** Opening SOURCE MATERIAL block **

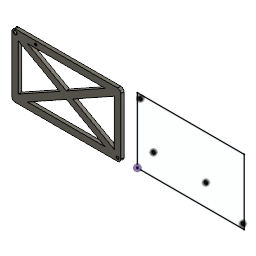
psu_mount_on_baseplate v1 (Autodesk Fusion 360 design; units mm, degrees)
Autodesk Fusion 360 part; units mm, degrees
sketch "Sketch1" plane through (0, 0, 0) normal (0, 0, 1) x (1, 0, 0)
  line L0 (100, 125) -> (-100, 125)
  line L1 (-100, 125) -> (-100, -125)
  line L2 (-100, -125) -> (100, -125)
  line L3 (100, -125) -> (100, 125)
  line L4 (100, 125) -> (-100, -125) construction
  line L5 (-100, 125) -> (100, -125) construction
  line L6 (-100, 125) -> (100, 125)
  line L7 (100, 125) -> (100, 129)
  line L8 (100, 129) -> (-100, 129)
  line L9 (-100, 129) -> (-100, 125)
  line L10 (-100, -125) -> (100, -125)
  line L11 (100, -125) -> (100, -129)
  line L12 (100, -129) -> (-100, -129)
  line L13 (-100, -129) -> (-100, -125)
  line L14 (100, 125) -> (104, 125)
  line L15 (104, 125) -> (104, -125)
  line L16 (104, -125) -> (100, -125)
  line L17 (100, -125) -> (100, 125)
  line L18 (-100, 125) -> (-104, 125)
  line L19 (-104, 125) -> (-104, -125)
  line L20 (-104, -125) -> (-100, -125)
  line L21 (-100, -125) -> (-100, 125)
  line L22 (-80, -53.8) -> (-80, 2.2) construction
  circle A0 centre (-80, -53.8) radius 1.65 construction
  circle A1 centre (-80, 2.2) radius 1.65 construction
  line L23 (-61.0622, -1) -> (-98.9378, -1) construction
  line L24 (-98.9378, -1) -> (-98.9378, -50.6) construction
  line L25 (-98.9378, -50.6) -> (-61.0622, -50.6) construction
  line L26 (-61.0622, -50.6) -> (-61.0622, -1) construction
  line L27 (-61.0622, -1) -> (-98.9378, -50.6) construction
  line L28 (-98.9378, -1) -> (-61.0622, -50.6) construction
  line L29 (-30.5, 49.5) -> (98.5, 49.5) construction
  line L30 (98.5, 49.5) -> (98.5, -47.5) construction
  line L31 (98.5, -47.5) -> (-30.5, -47.5) construction
  line L32 (-30.5, -47.5) -> (-30.5, 49.5) construction
  circle A2 centre (-28, 43) radius 1.65
  circle A3 centre (94, -42) radius 1.65
  line L33 (-100, 125) -> (-85.5, 125)
  line L34 (-85.5, 125) -> (-85.5, 116)
  line L35 (-85.5, 116) -> (-100, 116)
  line L36 (-100, 116) -> (-100, 125)
  line L37 (100, 125) -> (85.5, 125)
  line L38 (85.5, 125) -> (85.5, 116)
  line L39 (85.5, 116) -> (100, 116)
  line L40 (100, 116) -> (100, 125)
  line L41 (-100, -125) -> (-85.5, -125)
  line L42 (-85.5, -125) -> (-85.5, -116)
  line L43 (-85.5, -116) -> (-100, -116)
  line L44 (-100, -116) -> (-100, -125)
  line L45 (100, -125) -> (85.5, -125)
  line L46 (85.5, -125) -> (85.5, -116)
  line L47 (85.5, -116) -> (100, -116)
  line L48 (100, -116) -> (100, -125)
  line L49 (-100, 100) -> (-104, 100)
  line L50 (100, 100) -> (104, 100)
  line L51 (-100, -100) -> (-104, -100)
  line L52 (100, -100) -> (104, -100)
  line L53 (-85.5, 125) -> (-85.5, 129)
  line L54 (85.5, 125) -> (85.5, 129)
  line L55 (-85.5, -125) -> (-85.5, -129)
  line L56 (85.5, -125) -> (85.5, -129)
  line L57 (-115, -140) -> (-75, -140) construction
  line L58 (-75, -140) -> (-75, -87) construction
  line L59 (-75, -87) -> (-115, -87) construction
  line L60 (-115, -87) -> (-115, -140) construction
  line L61 (-63.3606, -140) -> (-21.3606, -140) construction
  line L62 (-21.3606, -140) -> (-21.3606, -53.8) construction
  line L63 (-21.3606, -53.8) -> (-63.3606, -53.8) construction
  line L64 (-63.3606, -53.8) -> (-63.3606, -140) construction
  line L65 (-100, 0) -> (-118.2487, 0) construction
  circle A4 centre (0, 0) radius 152.5
  circle A5 centre (-85, -72) radius 1.65
  line L66 (-85, -72) -> (85, -72) construction
  line L67 (85, -72) -> (85, 72) construction
  line L68 (85, 72) -> (-85, 72) construction
  line L69 (-85, 72) -> (-85, -72) construction
  circle A6 centre (85, 72) radius 1.65
  circle A7 centre (85, -72) radius 1.65
  circle A8 centre (-85, 72) radius 1.65
  point P0 (-80, -25.8)
  dimension "d1" = 200
  dimension "d2" = 250
  dimension "d3" = 4
  dimension "d4" = 4
  dimension "d5" = 4
  dimension "d6" = 4
  dimension "d7" = 20
  dimension "d8" = 56
  dimension "d10" = 3.3
  dimension "d11" = 37.8755
  dimension "d12" = 49.6
  dimension "d13" = 2.5
  dimension "d14" = 6.5
  dimension "d15" = 3.3
  dimension "d16" = 5.5
  dimension "d17" = 4.5
  dimension "d18" = 129
  dimension "d19" = 97
  dimension "d20" = 1.5
  dimension "d21" = 14.5
  dimension "d22" = 9
  dimension "d23" = 14.5
  dimension "d24" = 9
  dimension "d25" = 14.5
  dimension "d26" = 14.5
  dimension "d27" = 9
  dimension "d28" = 9
  dimension "d29" = 25
  dimension "d30" = 25
  dimension "d31" = 25
  dimension "d32" = 25
  dimension "d33" = 40
  dimension "d34" = 53
  dimension "d35" = 15
  dimension "d36" = 15
  dimension "d37" = 3.3
  dimension "d38" = 86.2
  dimension "d39" = 42
  dimension "d40" = 1
  dimension "d50" = 305
  dimension "d51" = 3.3
  dimension "d52" = 15
  dimension "d53" = 15
  dimension "d54" = 15
  dimension "d55" = 53
  dimension "d56" = 53
  dimension "d57" = 170
  dimension "d58" = 144
  dimension "d60" = 47.5
  dimension "d61" = 49.5
  constraint horizontal L0
  constraint perpendicular L0 L1
  constraint parallel L0 L2
  constraint parallel L1 L3
  constraint coincident L4 A4.centre
  constraint coincident L5 A4.centre
  constraint coincident A4.centre origin
  constraint horizontal L6
  constraint vertical L7
  constraint horizontal L8
  constraint vertical L9
  constraint horizontal L10
  constraint vertical L11
  constraint horizontal L12
  constraint vertical L13
  constraint horizontal L14
  constraint vertical L15
  constraint horizontal L16
  constraint vertical L17
  constraint horizontal L18
  constraint vertical L19
  constraint horizontal L20
  constraint vertical L21
  constraint coincident L22.start A0.centre
  constraint coincident L22.end A1.centre
  constraint equal A0 A1
  constraint horizontal L23
  constraint perpendicular L23 L24
  constraint parallel L23 L25
  constraint parallel L24 L26
  constraint coincident L27 P0
  constraint coincident L28 P0
  constraint midpoint L22 P0
  constraint collinear L2 L20
  constraint collinear L11 L17
  constraint collinear L7 L17
  constraint horizontal L29
  constraint vertical L30
  constraint horizontal L31
  constraint vertical L32
  constraint equal A2 A3
  constraint horizontal L33
  constraint vertical L34
  constraint horizontal L35
  constraint vertical L36
  constraint horizontal L37
  constraint vertical L38
  constraint horizontal L39
  constraint vertical L40
  constraint horizontal L41
  constraint vertical L42
  constraint horizontal L43
  constraint vertical L44
  constraint horizontal L45
  constraint vertical L46
  constraint horizontal L47
  constraint vertical L48
  constraint coincident L1 L49.start
  constraint coincident L19 L49.end
  constraint perpendicular L19 L49
  constraint coincident L3 L50.start
  constraint coincident L15 L50.end
  constraint perpendicular L15 L50
  constraint coincident L21 L51.start
  constraint coincident L19 L51.end
  constraint perpendicular L19 L51
  constraint coincident L17 L52.start
  constraint coincident L15 L52.end
  constraint perpendicular L15 L52
  constraint coincident L8 L53.end
  constraint perpendicular L8 L53
  constraint coincident L8 L54.end
  constraint perpendicular L8 L54
  constraint coincident L12 L55.end
  constraint perpendicular L12 L55
  constraint coincident L12 L56.end
  constraint perpendicular L12 L56
  constraint horizontal L57
  constraint vertical L58
  constraint horizontal L59
  constraint vertical L60
  constraint horizontal L61
  constraint vertical L62
  constraint horizontal L63
  constraint vertical L64
  constraint vertical L22
  constraint midpoint L21 L65.start
  constraint perpendicular L19 L65
  constraint collinear L57 L61
  constraint horizontal L66
  constraint vertical L67
  constraint horizontal L68
  constraint vertical L69
  constraint coincident A5.centre L66.start
  constraint coincident L67.end L68.start
  constraint coincident L66.end L67.start
  constraint coincident L68.end L69.start
  constraint equal A6 A8
  constraint equal A5 A7
  constraint equal A6 A7
  measures "d1" distance of L0.start L0.end
  measures "d2" distance of L0.start L2.end
  measures "d3" distance of L0 L8
  measures "d4" distance of L2.end L11.end
  measures "d5" distance of L0.start L14.end
  measures "d6" distance of L0.end L18.end
  measures "d7" distance of L1 L22.start
  measures "d8" distance of L22.start L22.end
  measures "d10" diameter of A1
  measures "d11" distance of L23.start L23.end
  measures "d12" distance of L23.start L25.end
  measures "d13" distance of L32 A2.centre
  measures "d14" distance of L29 A2.centre
  measures "d15" diameter of A2
  measures "d16" distance of L31 A3.centre
  measures "d17" distance of L30 A3.centre
  measures "d18" distance of L29.start L29.end
  measures "d19" distance of L29.end L30.end
  measures "d20" distance of L17 L30
  measures "d21" distance of L34.end L35.end
  measures "d22" distance of L33.end L34.end
  measures "d23" distance of L38.end L39.end
  measures "d24" distance of L37.end L38.end
  measures "d25" distance of L42.end L43.end
  measures "d26" distance of L46.end L47.end
  measures "d27" distance of L41.end L42.end
  measures "d28" distance of L45.end L46.end
  measures "d29" distance of L20 L51
  measures "d30" distance of L18 L49
  measures "d31" distance of L14 L50
  measures "d32" distance of L10 L52
  measures "d33" distance of L57.start L57.end
  measures "d34" distance of L57.start L59.end
  measures "d35" distance of L10 L57
  measures "d36" distance of L21 L60
  measures "d37" diameter of A3
  measures "d38" distance of L61.end L62.end
  measures "d39" distance of L61.start L61.end
  measures "d40" distance of L23 L65
  measures "d50" diameter of A4
  measures "d51" diameter of A5
  measures "d52" distance of L1 A5.centre
  measures "d53" distance of L59 A5.centre
  measures "d54" distance of L17 L67
  measures "d55" distance of L10 L66
  measures "d56" distance of L6 L68
  measures "d57" distance of L67.end L68.end
  measures "d58" distance of L66.end L67.end
  measures "d60" distance of L31 L65
  measures "d61" distance of L29 L65
extrude "Extrude1" add sketch "Sketch1" along normal blind 3 contours L0 L1 L2 L3 L6 L10 L17 L21 L34 L35 L38 L39 L42 L43 L46 L47 A4 | L0 L6 L8 L53 L54 A4 | L3 L15 L17 L50 L52 | L1 L19 L21 L49 L51 | L2 L10 L12 L55 L56 A4 makes body 1
sketch "Sketch2" plane through (0, 0, 3) normal (0, 0, 1) x (1, 0, 0)
  circle A0 centre (85, -72) radius 1.65
  circle A1 centre (-85, -72) radius 1.65
  circle A2 centre (85, 72) radius 1.65
  circle A3 centre (94, -42) radius 1.65
  circle A4 centre (-85, 72) radius 1.65
  circle A5 centre (-28, 43) radius 1.65
  line L0 (100, 100) -> (100, 115.1358)
  arc A6 (100, 115.1358) -> (98.9962, 116) centre (0, 0) ccw
  line L1 (98.9962, 116) -> (85.5, 116)
  line L2 (85.5, 116) -> (85.5, 126.2775)
  arc A7 (85.5, 126.2775) -> (81.3342, 129) centre (0, 0) ccw
  line L3 (81.3342, 129) -> (-81.3342, 129)
  arc A8 (-81.3342, 129) -> (-85.5, 126.2775) centre (0, 0) ccw
  line L4 (-85.5, 126.2775) -> (-85.5, 116)
  line L5 (-85.5, 116) -> (-98.9962, 116)
  arc A9 (-98.9962, 116) -> (-100, 115.1358) centre (0, 0) ccw
  line L6 (-100, 115.1358) -> (-100, 100)
  line L7 (-100, 100) -> (-104, 100)
  line L8 (-104, 100) -> (-104, -100)
  line L9 (-104, -100) -> (-100, -100)
  line L10 (-100, -100) -> (-100, -115.1358)
  arc A10 (-100, -115.1358) -> (-98.9962, -116) centre (0, 0) ccw
  line L11 (-98.9962, -116) -> (-85.5, -116)
  line L12 (-85.5, -116) -> (-85.5, -126.2775)
  arc A11 (-85.5, -126.2775) -> (-81.3342, -129) centre (0, 0) ccw
  line L13 (-81.3342, -129) -> (81.3342, -129)
  arc A12 (81.3342, -129) -> (85.5, -126.2775) centre (0, 0) ccw
  line L14 (85.5, -126.2775) -> (85.5, -116)
  line L15 (85.5, -116) -> (98.9962, -116)
  arc A13 (98.9962, -116) -> (100, -115.1358) centre (0, 0) ccw
  line L16 (100, -115.1358) -> (100, -100)
  line L17 (100, -100) -> (104, -100)
  line L18 (104, -100) -> (104, 100)
  line L19 (104, 100) -> (100, 100)
  line L20 (-10, 129) -> (10, 129)
  line L21 (10, 129) -> (10, 111)
  line L22 (8, 109) -> (-8, 109)
  line L23 (-10, 111) -> (-10, 129)
  arc A14 (-10, 111) -> (-8, 109) centre (-8, 111) ccw
  arc A15 (8, 109) -> (10, 111) centre (8, 111) ccw
  point P0 (10, 109)
  point P1 (-10, 109)
  dimension "d62" = 20
  dimension "d63" = 20
  dimension "d64" = 2
  constraint horizontal L20
  constraint vertical L21
  constraint horizontal L22
  constraint vertical L23
  constraint coincident L3 L20.start
  constraint midpoint L3 L20
  constraint coincident P1 L22
  constraint coincident P1 L23
  constraint tangent L22 A14
  constraint tangent L23 A14
  constraint coincident P0 L21
  constraint coincident P0 L22
  constraint tangent L21 A15
  constraint tangent L22 A15
  constraint equal A14 A15
  measures "d62" distance of L20.start P1
  measures "d63" distance of P0 P1
  measures "d64" radius of A14
extrude "Extrude2" cut sketch "Sketch2" against normal blind 3 contours L3 L20 L21 L22 L23 A14 A15 bodies 1
fillet "Fillet4" radius 2 2 edges at (-10, 129, 1.5) (10, 129, 1.5) on bodies 1
sketch "Sketch3" plane through (0, 0, 3) normal (0, 0, 1) x (1, 0, 0)
  arc A0 (12, 129) -> (10, 127) centre (12, 127) ccw
  line L0 (10, 127) -> (10, 111)
  arc A1 (8, 109) -> (10, 111) centre (8, 111) ccw
  line L1 (8, 109) -> (-8, 109)
  arc A2 (-10, 111) -> (-8, 109) centre (-8, 111) ccw
  line L2 (-10, 111) -> (-10, 127)
  arc A3 (-10, 127) -> (-12, 129) centre (-12, 127) ccw
  line L3 (-12, 129) -> (-81.3342, 129)
  arc A4 (-81.3342, 129) -> (-85.5, 126.2775) centre (0, 0) ccw
  line L4 (-85.5, 126.2775) -> (-85.5, 116)
  line L5 (-85.5, 116) -> (-98.9962, 116)
  arc A5 (-98.9962, 116) -> (-100, 115.1358) centre (0, 0) ccw
  line L6 (-100, 115.1358) -> (-100, 100)
  line L7 (-100, 100) -> (-104, 100)
  line L8 (-104, 100) -> (-104, -100)
  line L9 (-104, -100) -> (-100, -100)
  line L10 (-100, -100) -> (-100, -115.1358)
  arc A6 (-100, -115.1358) -> (-98.9962, -116) centre (0, 0) ccw
  line L11 (-98.9962, -116) -> (-85.5, -116)
  line L12 (-85.5, -116) -> (-85.5, -126.2775)
  arc A7 (-85.5, -126.2775) -> (-81.3342, -129) centre (0, 0) ccw
  line L13 (-81.3342, -129) -> (81.3342, -129)
  arc A8 (81.3342, -129) -> (85.5, -126.2775) centre (0, 0) ccw
  line L14 (85.5, -126.2775) -> (85.5, -116)
  line L15 (85.5, -116) -> (98.9962, -116)
  arc A9 (98.9962, -116) -> (100, -115.1358) centre (0, 0) ccw
  line L16 (100, -115.1358) -> (100, -100)
  line L17 (100, -100) -> (104, -100)
  line L18 (104, -100) -> (104, 100)
  line L19 (104, 100) -> (100, 100)
  line L20 (100, 100) -> (100, 115.1358)
  arc A10 (100, 115.1358) -> (98.9962, 116) centre (0, 0) ccw
  line L21 (98.9962, 116) -> (85.5, 116)
  line L22 (85.5, 116) -> (85.5, 126.2775)
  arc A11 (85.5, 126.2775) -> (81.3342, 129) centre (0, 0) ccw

** Closing SOURCE MATERIAL block **

_TO DO_
What is needed is a verbatim copy of every line in the records above from the one containing "constraint equal A2 A3" down to the one containing "of L2.end L11.end", both included, and nothing more.

_YOUR RESPONSE_
  constraint equal A2 A3
  constraint horizontal L33
  constraint vertical L34
  constraint horizontal L35
  constraint vertical L36
  constraint horizontal L37
  constraint vertical L38
  constraint horizontal L39
  constraint vertical L40
  constraint horizontal L41
  constraint vertical L42
  constraint horizontal L43
  constraint vertical L44
  constraint horizontal L45
  constraint vertical L46
  constraint horizontal L47
  constraint vertical L48
  constraint coincident L1 L49.start
  constraint coincident L19 L49.end
  constraint perpendicular L19 L49
  constraint coincident L3 L50.start
  constraint coincident L15 L50.end
  constraint perpendicular L15 L50
  constraint coincident L21 L51.start
  constraint coincident L19 L51.end
  constraint perpendicular L19 L51
  constraint coincident L17 L52.start
  constraint coincident L15 L52.end
  constraint perpendicular L15 L52
  constraint coincident L8 L53.end
  constraint perpendicular L8 L53
  constraint coincident L8 L54.end
  constraint perpendicular L8 L54
  constraint coincident L12 L55.end
  constraint perpendicular L12 L55
  constraint coincident L12 L56.end
  constraint perpendicular L12 L56
  constraint horizontal L57
  constraint vertical L58
  constraint horizontal L59
  constraint vertical L60
  constraint horizontal L61
  constraint vertical L62
  constraint horizontal L63
  constraint vertical L64
  constraint vertical L22
  constraint midpoint L21 L65.start
  constraint perpendicular L19 L65
  constraint collinear L57 L61
  constraint horizontal L66
  constraint vertical L67
  constraint horizontal L68
  constraint vertical L69
  constraint coincident A5.centre L66.start
  constraint coincident L67.end L68.start
  constraint coincident L66.end L67.start
  constraint coincident L68.end L69.start
  constraint equal A6 A8
  constraint equal A5 A7
  constraint equal A6 A7
  measures "d1" distance of L0.start L0.end
  measures "d2" distance of L0.start L2.end
  measures "d3" distance of L0 L8
  measures "d4" distance of L2.end L11.end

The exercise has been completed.